He's my favorite Batman villain, and Batman is my favorite superhero. So, yeah, I quite like him conceptually. I just did not find the appeal to chaos to line up with what I wanted from a version of Joker. As always, play what you like


----------



## Crothian (Jun 24, 2013)

That's what I was guessing.  While the Batman Cartoons have been great they are still kids shows.  It is a lot different in the cartoons then the feel of the movies and comics.


----------



## Ahnehnois (Jun 24, 2013)

JamesonCourage said:


> Now, I wasn't expecting something as wacky as that Joker in Nolan's trilogy, but I think something based on whimsy rather than a complete dedication to "chaos" would've struck me as much more compelling. The seeming dedication to chaos for the sake of it just didn't fit with the whimsy that I was used to in the Joker.



I think the movie was a change in direction from most of what we'd seen before, but then, the other characters and elements were different two; it's a whole-cloth reinvention. I can see where someone with a strong attachment to an existing canon might be thrown off, but personally, I think the movie version was exactly what was needed to convince us that the character was real, in keeping with the naturalistic tone of the rest of the movies (the first two, anyway).



> Also, I wanted his relationship to Batman a little more explored; more of the "defined by Batman" thrown in there (though there are nods to that in the movie).



This totally jumped out at me though.
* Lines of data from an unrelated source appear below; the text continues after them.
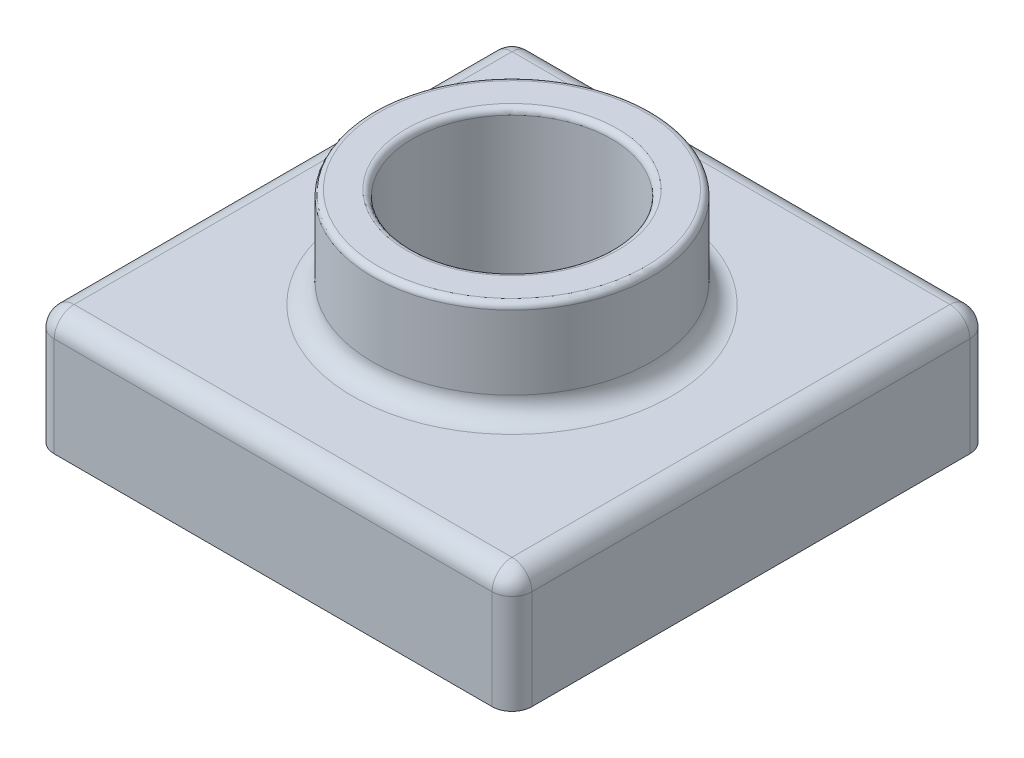
ISO-10303-21;
HEADER;
FILE_DESCRIPTION(('STEP AP214'),'2;1');
FILE_NAME('part.step','',(''),(''),'','','');
FILE_SCHEMA(('AUTOMOTIVE_DESIGN { 1 0 10303 214 1 1 1 1 }'));
ENDSEC;
DATA;
#1=APPLICATION_CONTEXT('core data for automotive mechanical design processes');
#2=APPLICATION_PROTOCOL_DEFINITION('international standard','automotive_design',2000,#1);
#3=PRODUCT_CONTEXT('',#1,'mechanical');
#4=PRODUCT('Part','Part','',(#3));
#5=PRODUCT_RELATED_PRODUCT_CATEGORY('part','',(#4));
#6=PRODUCT_DEFINITION_FORMATION('','',#4);
#7=PRODUCT_DEFINITION_CONTEXT('part definition',#1,'design');
#8=PRODUCT_DEFINITION('design','',#6,#7);
#9=PRODUCT_DEFINITION_SHAPE('','',#8);
#10=(LENGTH_UNIT() NAMED_UNIT(*) SI_UNIT(.MILLI.,.METRE.));
#11=(NAMED_UNIT(*) PLANE_ANGLE_UNIT() SI_UNIT($,.RADIAN.));
#12=(NAMED_UNIT(*) SI_UNIT($,.STERADIAN.) SOLID_ANGLE_UNIT());
#13=UNCERTAINTY_MEASURE_WITH_UNIT(LENGTH_MEASURE(1.E-05),#10,'distance_accuracy_value','');
#14=(GEOMETRIC_REPRESENTATION_CONTEXT(3) GLOBAL_UNCERTAINTY_ASSIGNED_CONTEXT((#13)) GLOBAL_UNIT_ASSIGNED_CONTEXT((#10,
#11,#12)) REPRESENTATION_CONTEXT('',''));
#15=CARTESIAN_POINT('',(0.,0.,0.));
#16=DIRECTION('',(0.,0.,1.));
#17=DIRECTION('',(1.,0.,0.));
#18=AXIS2_PLACEMENT_3D('',#15,#16,#17);
#19=CARTESIAN_POINT('',(0.,0.,0.));
#20=DIRECTION('',(0.,-1.,0.));
#21=DIRECTION('',(0.,0.,-1.));
#22=AXIS2_PLACEMENT_3D('',#19,#20,#21);
#23=PLANE('',#22);
#24=DIRECTION('',(0.,0.,1.));
#25=VECTOR('',#24,1.);
#26=CARTESIAN_POINT('',(0.,0.,0.));
#27=LINE('',#26,#25);
#28=CARTESIAN_POINT('',(0.,0.,-115.));
#29=VERTEX_POINT('',#28);
#30=CARTESIAN_POINT('',(0.,0.,-5.));
#31=VERTEX_POINT('',#30);
#32=EDGE_CURVE('E260',#29,#31,#27,.T.);
#33=ORIENTED_EDGE('',*,*,#32,.F.);
#34=CARTESIAN_POINT('',(5.,0.,-115.));
#35=DIRECTION('',(0.,-1.,0.));
#36=DIRECTION('',(0.,0.,-1.));
#37=AXIS2_PLACEMENT_3D('',#34,#35,#36);
#38=CIRCLE('',#37,5.);
#39=CARTESIAN_POINT('',(5.,0.,-120.));
#40=VERTEX_POINT('',#39);
#41=EDGE_CURVE('E318',#29,#40,#38,.T.);
#42=ORIENTED_EDGE('',*,*,#41,.T.);
#43=DIRECTION('',(-1.,0.,0.));
#44=VECTOR('',#43,1.);
#45=CARTESIAN_POINT('',(0.,0.,-120.));
#46=LINE('',#45,#44);
#47=CARTESIAN_POINT('',(115.,0.,-120.));
#48=VERTEX_POINT('',#47);
#49=EDGE_CURVE('E270',#48,#40,#46,.T.);
#50=ORIENTED_EDGE('',*,*,#49,.F.);
#51=CARTESIAN_POINT('',(115.,0.,-115.));
#52=DIRECTION('',(0.,-1.,0.));
#53=DIRECTION('',(0.,0.,-1.));
#54=AXIS2_PLACEMENT_3D('',#51,#52,#53);
#55=CIRCLE('',#54,5.);
#56=CARTESIAN_POINT('',(120.,0.,-115.));
#57=VERTEX_POINT('',#56);
#58=EDGE_CURVE('E316',#48,#57,#55,.T.);
#59=ORIENTED_EDGE('',*,*,#58,.T.);
#60=DIRECTION('',(0.,0.,-1.));
#61=VECTOR('',#60,1.);
#62=CARTESIAN_POINT('',(120.,0.,0.));
#63=LINE('',#62,#61);
#64=CARTESIAN_POINT('',(120.,0.,-5.));
#65=VERTEX_POINT('',#64);
#66=EDGE_CURVE('E267',#65,#57,#63,.T.);
#67=ORIENTED_EDGE('',*,*,#66,.F.);
#68=CARTESIAN_POINT('',(115.,0.,-5.));
#69=DIRECTION('',(0.,-1.,0.));
#70=DIRECTION('',(0.,0.,-1.));
#71=AXIS2_PLACEMENT_3D('',#68,#69,#70);
#72=CIRCLE('',#71,5.);
#73=CARTESIAN_POINT('',(115.,0.,0.));
#74=VERTEX_POINT('',#73);
#75=EDGE_CURVE('E314',#65,#74,#72,.T.);
#76=ORIENTED_EDGE('',*,*,#75,.T.);
#77=DIRECTION('',(1.,0.,0.));
#78=VECTOR('',#77,1.);
#79=CARTESIAN_POINT('',(0.,0.,0.));
#80=LINE('',#79,#78);
#81=CARTESIAN_POINT('',(5.,0.,0.));
#82=VERTEX_POINT('',#81);
#83=EDGE_CURVE('E264',#82,#74,#80,.T.);
#84=ORIENTED_EDGE('',*,*,#83,.F.);
#85=CARTESIAN_POINT('',(5.,0.,-5.));
#86=DIRECTION('',(0.,-1.,0.));
#87=DIRECTION('',(0.,0.,-1.));
#88=AXIS2_PLACEMENT_3D('',#85,#86,#87);
#89=CIRCLE('',#88,5.);
#90=EDGE_CURVE('E312',#82,#31,#89,.T.);
#91=ORIENTED_EDGE('',*,*,#90,.T.);
#92=EDGE_LOOP('',(#33,#42,#50,#59,#67,#76,#84,#91));
#93=FACE_BOUND('',#92,.T.);
#94=CARTESIAN_POINT('',(5.,0.,-115.));
#95=DIRECTION('',(0.,-1.,0.));
#96=DIRECTION('',(0.,0.,-1.));
#97=AXIS2_PLACEMENT_3D('',#94,#95,#96);
#98=CIRCLE('',#97,3.);
#99=CARTESIAN_POINT('',(2.,0.,-115.));
#100=VERTEX_POINT('',#99);
#101=CARTESIAN_POINT('',(5.,0.,-118.));
#102=VERTEX_POINT('',#101);
#103=EDGE_CURVE('E234',#100,#102,#98,.T.);
#104=ORIENTED_EDGE('',*,*,#103,.F.);
#105=DIRECTION('',(0.,0.,1.));
#106=VECTOR('',#105,1.);
#107=CARTESIAN_POINT('',(2.,0.,0.));
#108=LINE('',#107,#106);
#109=CARTESIAN_POINT('',(2.,0.,-5.));
#110=VERTEX_POINT('',#109);
#111=EDGE_CURVE('E190',#100,#110,#108,.T.);
#112=ORIENTED_EDGE('',*,*,#111,.T.);
#113=CARTESIAN_POINT('',(5.,0.,-5.));
#114=DIRECTION('',(0.,-1.,0.));
#115=DIRECTION('',(0.,0.,-1.));
#116=AXIS2_PLACEMENT_3D('',#113,#114,#115);
#117=CIRCLE('',#116,3.);
#118=CARTESIAN_POINT('',(5.,0.,-2.));
#119=VERTEX_POINT('',#118);
#120=EDGE_CURVE('E229',#119,#110,#117,.T.);
#121=ORIENTED_EDGE('',*,*,#120,.F.);
#122=DIRECTION('',(1.,0.,0.));
#123=VECTOR('',#122,1.);
#124=CARTESIAN_POINT('',(0.,0.,-2.));
#125=LINE('',#124,#123);
#126=CARTESIAN_POINT('',(115.,0.,-2.));
#127=VERTEX_POINT('',#126);
#128=EDGE_CURVE('E49',#119,#127,#125,.T.);
#129=ORIENTED_EDGE('',*,*,#128,.T.);
#130=CARTESIAN_POINT('',(115.,0.,-5.));
#131=DIRECTION('',(0.,-1.,0.));
#132=DIRECTION('',(0.,0.,-1.));
#133=AXIS2_PLACEMENT_3D('',#130,#131,#132);
#134=CIRCLE('',#133,3.);
#135=CARTESIAN_POINT('',(118.,0.,-5.));
#136=VERTEX_POINT('',#135);
#137=EDGE_CURVE('E248',#136,#127,#134,.T.);
#138=ORIENTED_EDGE('',*,*,#137,.F.);
#139=DIRECTION('',(0.,0.,-1.));
#140=VECTOR('',#139,1.);
#141=CARTESIAN_POINT('',(118.,0.,0.));
#142=LINE('',#141,#140);
#143=CARTESIAN_POINT('',(118.,0.,-115.));
#144=VERTEX_POINT('',#143);
#145=EDGE_CURVE('E246',#136,#144,#142,.T.);
#146=ORIENTED_EDGE('',*,*,#145,.T.);
#147=CARTESIAN_POINT('',(115.,0.,-115.));
#148=DIRECTION('',(0.,-1.,0.));
#149=DIRECTION('',(0.,0.,-1.));
#150=AXIS2_PLACEMENT_3D('',#147,#148,#149);
#151=CIRCLE('',#150,3.);
#152=CARTESIAN_POINT('',(115.,0.,-118.));
#153=VERTEX_POINT('',#152);
#154=EDGE_CURVE('E241',#153,#144,#151,.T.);
#155=ORIENTED_EDGE('',*,*,#154,.F.);
#156=DIRECTION('',(-1.,0.,0.));
#157=VECTOR('',#156,1.);
#158=CARTESIAN_POINT('',(0.,0.,-118.));
#159=LINE('',#158,#157);
#160=EDGE_CURVE('E242',#153,#102,#159,.T.);
#161=ORIENTED_EDGE('',*,*,#160,.T.);
#162=EDGE_LOOP('',(#104,#112,#121,#129,#138,#146,#155,#161));
#163=FACE_BOUND('',#162,.T.);
#164=ADVANCED_FACE('F34',(#93,#163),#23,.T.);
#165=CARTESIAN_POINT('',(0.,30.,0.));
#166=DIRECTION('',(1.,0.,0.));
#167=DIRECTION('',(0.,0.,-1.));
#168=AXIS2_PLACEMENT_3D('',#165,#166,#167);
#169=PLANE('',#168);
#170=DIRECTION('',(0.,0.,1.));
#171=VECTOR('',#170,1.);
#172=CARTESIAN_POINT('',(0.,25.,0.));
#173=LINE('',#172,#171);
#174=CARTESIAN_POINT('',(0.,25.,-5.));
#175=VERTEX_POINT('',#174);
#176=CARTESIAN_POINT('',(0.,25.,-115.));
#177=VERTEX_POINT('',#176);
#178=EDGE_CURVE('E57',#175,#177,#173,.F.);
#179=ORIENTED_EDGE('',*,*,#178,.T.);
#180=DIRECTION('',(0.,-1.,0.));
#181=VECTOR('',#180,1.);
#182=CARTESIAN_POINT('',(0.,30.,-115.));
#183=LINE('',#182,#181);
#184=EDGE_CURVE('E307',#177,#29,#183,.T.);
#185=ORIENTED_EDGE('',*,*,#184,.T.);
#186=ORIENTED_EDGE('',*,*,#32,.T.);
#187=DIRECTION('',(0.,-1.,0.));
#188=VECTOR('',#187,1.);
#189=CARTESIAN_POINT('',(0.,30.,-5.));
#190=LINE('',#189,#188);
#191=EDGE_CURVE('E304',#31,#175,#190,.F.);
#192=ORIENTED_EDGE('',*,*,#191,.T.);
#193=EDGE_LOOP('',(#179,#185,#186,#192));
#194=FACE_BOUND('',#193,.T.);
#195=ADVANCED_FACE('F402',(#194),#169,.F.);
#196=CARTESIAN_POINT('',(0.,30.,0.));
#197=DIRECTION('',(0.,0.,-1.));
#198=DIRECTION('',(-1.,0.,0.));
#199=AXIS2_PLACEMENT_3D('',#196,#197,#198);
#200=PLANE('',#199);
#201=ORIENTED_EDGE('',*,*,#83,.T.);
#202=DIRECTION('',(0.,-1.,0.));
#203=VECTOR('',#202,1.);
#204=CARTESIAN_POINT('',(115.,30.,0.));
#205=LINE('',#204,#203);
#206=CARTESIAN_POINT('',(115.,25.,0.));
#207=VERTEX_POINT('',#206);
#208=EDGE_CURVE('E302',#74,#207,#205,.F.);
#209=ORIENTED_EDGE('',*,*,#208,.T.);
#210=DIRECTION('',(1.,0.,0.));
#211=VECTOR('',#210,1.);
#212=CARTESIAN_POINT('',(0.,25.,0.));
#213=LINE('',#212,#211);
#214=CARTESIAN_POINT('',(5.,25.,0.));
#215=VERTEX_POINT('',#214);
#216=EDGE_CURVE('E300',#207,#215,#213,.F.);
#217=ORIENTED_EDGE('',*,*,#216,.T.);
#218=DIRECTION('',(0.,-1.,0.));
#219=VECTOR('',#218,1.);
#220=CARTESIAN_POINT('',(5.,30.,0.));
#221=LINE('',#220,#219);
#222=EDGE_CURVE('E298',#215,#82,#221,.T.);
#223=ORIENTED_EDGE('',*,*,#222,.T.);
#224=EDGE_LOOP('',(#201,#209,#217,#223));
#225=FACE_BOUND('',#224,.T.);
#226=ADVANCED_FACE('F407',(#225),#200,.F.);
#227=CARTESIAN_POINT('',(120.,30.,0.));
#228=DIRECTION('',(-1.,0.,0.));
#229=DIRECTION('',(0.,0.,1.));
#230=AXIS2_PLACEMENT_3D('',#227,#228,#229);
#231=PLANE('',#230);
#232=ORIENTED_EDGE('',*,*,#66,.T.);
#233=DIRECTION('',(0.,-1.,0.));
#234=VECTOR('',#233,1.);
#235=CARTESIAN_POINT('',(120.,30.,-115.));
#236=LINE('',#235,#234);
#237=CARTESIAN_POINT('',(120.,25.,-115.));
#238=VERTEX_POINT('',#237);
#239=EDGE_CURVE('E296',#57,#238,#236,.F.);
#240=ORIENTED_EDGE('',*,*,#239,.T.);
#241=DIRECTION('',(0.,0.,-1.));
#242=VECTOR('',#241,1.);
#243=CARTESIAN_POINT('',(120.,25.,0.));
#244=LINE('',#243,#242);
#245=CARTESIAN_POINT('',(120.,25.,-5.));
#246=VERTEX_POINT('',#245);
#247=EDGE_CURVE('E294',#238,#246,#244,.F.);
#248=ORIENTED_EDGE('',*,*,#247,.T.);
#249=DIRECTION('',(0.,-1.,0.));
#250=VECTOR('',#249,1.);
#251=CARTESIAN_POINT('',(120.,30.,-5.));
#252=LINE('',#251,#250);
#253=EDGE_CURVE('E292',#246,#65,#252,.T.);
#254=ORIENTED_EDGE('',*,*,#253,.T.);
#255=EDGE_LOOP('',(#232,#240,#248,#254));
#256=FACE_BOUND('',#255,.T.);
#257=ADVANCED_FACE('F817',(#256),#231,.F.);
#258=CARTESIAN_POINT('',(0.,30.,-120.));
#259=DIRECTION('',(0.,0.,1.));
#260=DIRECTION('',(1.,0.,0.));
#261=AXIS2_PLACEMENT_3D('',#258,#259,#260);
#262=PLANE('',#261);
#263=ORIENTED_EDGE('',*,*,#49,.T.);
#264=DIRECTION('',(0.,-1.,0.));
#265=VECTOR('',#264,1.);
#266=CARTESIAN_POINT('',(5.,30.,-120.));
#267=LINE('',#266,#265);
#268=CARTESIAN_POINT('',(5.,25.,-120.));
#269=VERTEX_POINT('',#268);
#270=EDGE_CURVE('E290',#40,#269,#267,.F.);
#271=ORIENTED_EDGE('',*,*,#270,.T.);
#272=DIRECTION('',(-1.,0.,0.));
#273=VECTOR('',#272,1.);
#274=CARTESIAN_POINT('',(0.,25.,-120.));
#275=LINE('',#274,#273);
#276=CARTESIAN_POINT('',(115.,25.,-120.));
#277=VERTEX_POINT('',#276);
#278=EDGE_CURVE('E287',#269,#277,#275,.F.);
#279=ORIENTED_EDGE('',*,*,#278,.T.);
#280=DIRECTION('',(0.,-1.,0.));
#281=VECTOR('',#280,1.);
#282=CARTESIAN_POINT('',(115.,30.,-120.));
#283=LINE('',#282,#281);
#284=EDGE_CURVE('E285',#277,#48,#283,.T.);
#285=ORIENTED_EDGE('',*,*,#284,.T.);
#286=EDGE_LOOP('',(#263,#271,#279,#285));
#287=FACE_BOUND('',#286,.T.);
#288=ADVANCED_FACE('F396',(#287),#262,.F.);
#289=CARTESIAN_POINT('',(0.,30.,0.));
#290=DIRECTION('',(0.,-1.,0.));
#291=DIRECTION('',(0.,0.,-1.));
#292=AXIS2_PLACEMENT_3D('',#289,#290,#291);
#293=PLANE('',#292);
#294=DIRECTION('',(0.,0.,-1.));
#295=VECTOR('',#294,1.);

There was a lot more than some nods in there! That idea is central to the movie ("I don't want to kill you. What would I do without you? No, you complete me."), it was even stated at the end of the first movie (the great exchange on "escalation"). What more could they have done with this  "defined by Batman" idea than what they already did?


----------



## JamesonCourage (Jun 24, 2013)

Yeah, it was a kids show (just like Justice League basically was). I just liked that version a lot more. I thought the character was much more interesting, thematically, then the "chaos" Joker in Nolan's movies. Like I said, I wasn't expecting something wacky, and I was expecting him to kill. I just found him off from what I thought the Joker should be.


Ahnehnois said:


> I think the movie was a change in direction from most of what we'd seen before, but then, the other characters and elements were different two; it's a whole-cloth reinvention. I can see where someone with a strong attachment to an existing canon might be thrown off, but personally, I think the movie version was exactly what was needed to convince us that the character was real, in keeping with the naturalistic tone of the rest of the movies (the first two, anyway).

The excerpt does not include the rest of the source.